▶ [DATASET RECORDS]
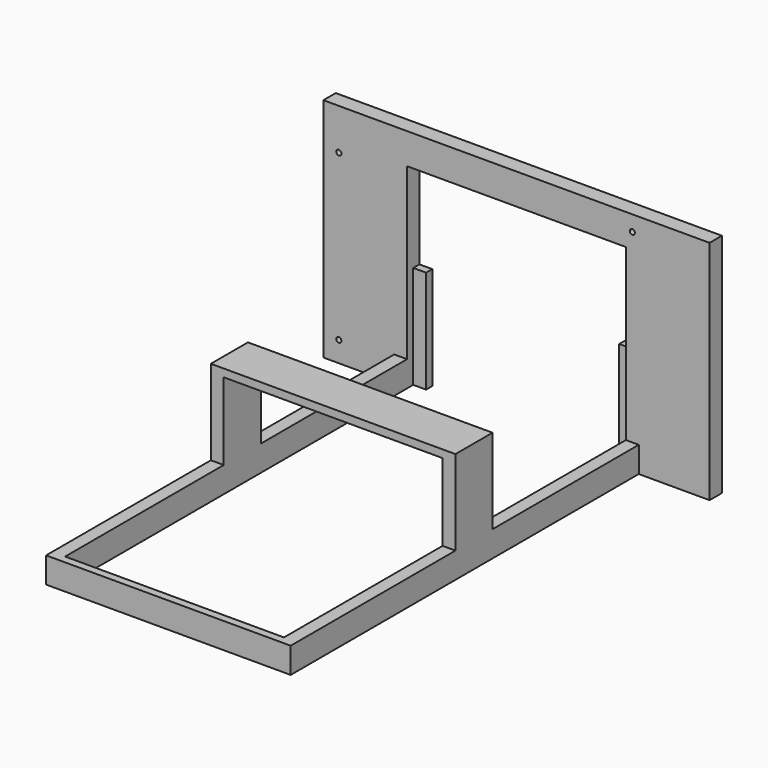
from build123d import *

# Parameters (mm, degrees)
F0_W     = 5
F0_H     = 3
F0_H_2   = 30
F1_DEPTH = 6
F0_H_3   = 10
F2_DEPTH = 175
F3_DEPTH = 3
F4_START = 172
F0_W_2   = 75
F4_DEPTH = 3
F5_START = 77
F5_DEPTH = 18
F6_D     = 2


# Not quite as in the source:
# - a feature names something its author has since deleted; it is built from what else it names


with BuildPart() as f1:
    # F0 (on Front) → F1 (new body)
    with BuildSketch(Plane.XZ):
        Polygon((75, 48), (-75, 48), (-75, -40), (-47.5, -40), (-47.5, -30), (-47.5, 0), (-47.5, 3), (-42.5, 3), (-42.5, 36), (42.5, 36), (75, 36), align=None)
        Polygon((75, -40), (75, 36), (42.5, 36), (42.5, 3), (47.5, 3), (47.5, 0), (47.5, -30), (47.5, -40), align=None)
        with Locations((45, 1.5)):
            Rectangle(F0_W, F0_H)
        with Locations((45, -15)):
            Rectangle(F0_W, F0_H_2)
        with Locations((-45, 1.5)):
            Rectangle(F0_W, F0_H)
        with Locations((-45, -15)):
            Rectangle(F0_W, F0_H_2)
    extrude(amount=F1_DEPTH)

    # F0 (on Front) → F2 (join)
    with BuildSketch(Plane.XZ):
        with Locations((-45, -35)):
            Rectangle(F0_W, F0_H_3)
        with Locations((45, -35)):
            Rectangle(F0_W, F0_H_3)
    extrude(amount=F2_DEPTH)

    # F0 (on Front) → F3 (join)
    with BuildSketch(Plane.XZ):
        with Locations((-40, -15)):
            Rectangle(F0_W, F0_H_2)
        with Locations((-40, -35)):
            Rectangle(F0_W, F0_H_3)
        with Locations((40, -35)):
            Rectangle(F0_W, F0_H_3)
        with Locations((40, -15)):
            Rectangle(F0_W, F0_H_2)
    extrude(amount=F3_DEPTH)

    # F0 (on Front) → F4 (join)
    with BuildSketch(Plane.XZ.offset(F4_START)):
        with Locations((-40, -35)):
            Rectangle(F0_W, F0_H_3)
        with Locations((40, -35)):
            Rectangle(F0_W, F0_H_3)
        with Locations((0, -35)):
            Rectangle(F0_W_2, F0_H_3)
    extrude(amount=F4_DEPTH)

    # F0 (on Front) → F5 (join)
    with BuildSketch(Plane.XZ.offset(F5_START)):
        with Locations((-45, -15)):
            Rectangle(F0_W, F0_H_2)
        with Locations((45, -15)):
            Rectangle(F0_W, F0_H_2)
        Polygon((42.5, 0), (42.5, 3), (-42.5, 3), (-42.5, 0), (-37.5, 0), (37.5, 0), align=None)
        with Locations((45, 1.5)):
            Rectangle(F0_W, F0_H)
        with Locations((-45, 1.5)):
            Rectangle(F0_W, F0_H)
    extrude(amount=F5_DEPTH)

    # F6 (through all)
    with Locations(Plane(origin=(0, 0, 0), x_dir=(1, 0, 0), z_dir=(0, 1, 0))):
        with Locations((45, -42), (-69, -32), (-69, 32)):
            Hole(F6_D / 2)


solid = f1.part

▶ [WHAT YOU WILL DO] Your copy should be the entries retyped exactly, with no images in it.

▶ [TASK OUTPUT]
from build123d import *

# Parameters (mm, degrees)
F0_W     = 5
F0_H     = 3
F0_H_2   = 30
F1_DEPTH = 6
F0_H_3   = 10
F2_DEPTH = 175
F3_DEPTH = 3
F4_START = 172
F0_W_2   = 75
F4_DEPTH = 3
F5_START = 77
F5_DEPTH = 18
F6_D     = 2


# Not quite as in the source:
# - a feature names something its author has since deleted; it is built from what else it names


with BuildPart() as f1:
    # F0 (on Front) → F1 (new body)
    with BuildSketch(Plane.XZ):
        Polygon((75, 48), (-75, 48), (-75, -40), (-47.5, -40), (-47.5, -30), (-47.5, 0), (-47.5, 3), (-42.5, 3), (-42.5, 36), (42.5, 36), (75, 36), align=None)
        Polygon((75, -40), (75, 36), (42.5, 36), (42.5, 3), (47.5, 3), (47.5, 0), (47.5, -30), (47.5, -40), align=None)
        with Locations((45, 1.5)):
            Rectangle(F0_W, F0_H)
        with Locations((45, -15)):
            Rectangle(F0_W, F0_H_2)
        with Locations((-45, 1.5)):
            Rectangle(F0_W, F0_H)
        with Locations((-45, -15)):
            Rectangle(F0_W, F0_H_2)
    extrude(amount=F1_DEPTH)

    # F0 (on Front) → F2 (join)
    with BuildSketch(Plane.XZ):
        with Locations((-45, -35)):
            Rectangle(F0_W, F0_H_3)
        with Locations((45, -35)):
            Rectangle(F0_W, F0_H_3)
    extrude(amount=F2_DEPTH)

    # F0 (on Front) → F3 (join)
    with BuildSketch(Plane.XZ):
        with Locations((-40, -15)):
            Rectangle(F0_W, F0_H_2)
        with Locations((-40, -35)):
            Rectangle(F0_W, F0_H_3)
        with Locations((40, -35)):
            Rectangle(F0_W, F0_H_3)
        with Locations((40, -15)):
            Rectangle(F0_W, F0_H_2)
    extrude(amount=F3_DEPTH)

    # F0 (on Front) → F4 (join)
    with BuildSketch(Plane.XZ.offset(F4_START)):
        with Locations((-40, -35)):
            Rectangle(F0_W, F0_H_3)
        with Locations((40, -35)):
            Rectangle(F0_W, F0_H_3)
        with Locations((0, -35)):
            Rectangle(F0_W_2, F0_H_3)
    extrude(amount=F4_DEPTH)

    # F0 (on Front) → F5 (join)
    with BuildSketch(Plane.XZ.offset(F5_START)):
        with Locations((-45, -15)):
            Rectangle(F0_W, F0_H_2)
        with Locations((45, -15)):
            Rectangle(F0_W, F0_H_2)
        Polygon((42.5, 0), (42.5, 3), (-42.5, 3), (-42.5, 0), (-37.5, 0), (37.5, 0), align=None)
        with Locations((45, 1.5)):
            Rectangle(F0_W, F0_H)
        with Locations((-45, 1.5)):
            Rectangle(F0_W, F0_H)
    extrude(amount=F5_DEPTH)

    # F6 (through all)
    with Locations(Plane(origin=(0, 0, 0), x_dir=(1, 0, 0), z_dir=(0, 1, 0))):
        with Locations((45, -42), (-69, -32), (-69, 32)):
            Hole(F6_D / 2)


solid = f1.part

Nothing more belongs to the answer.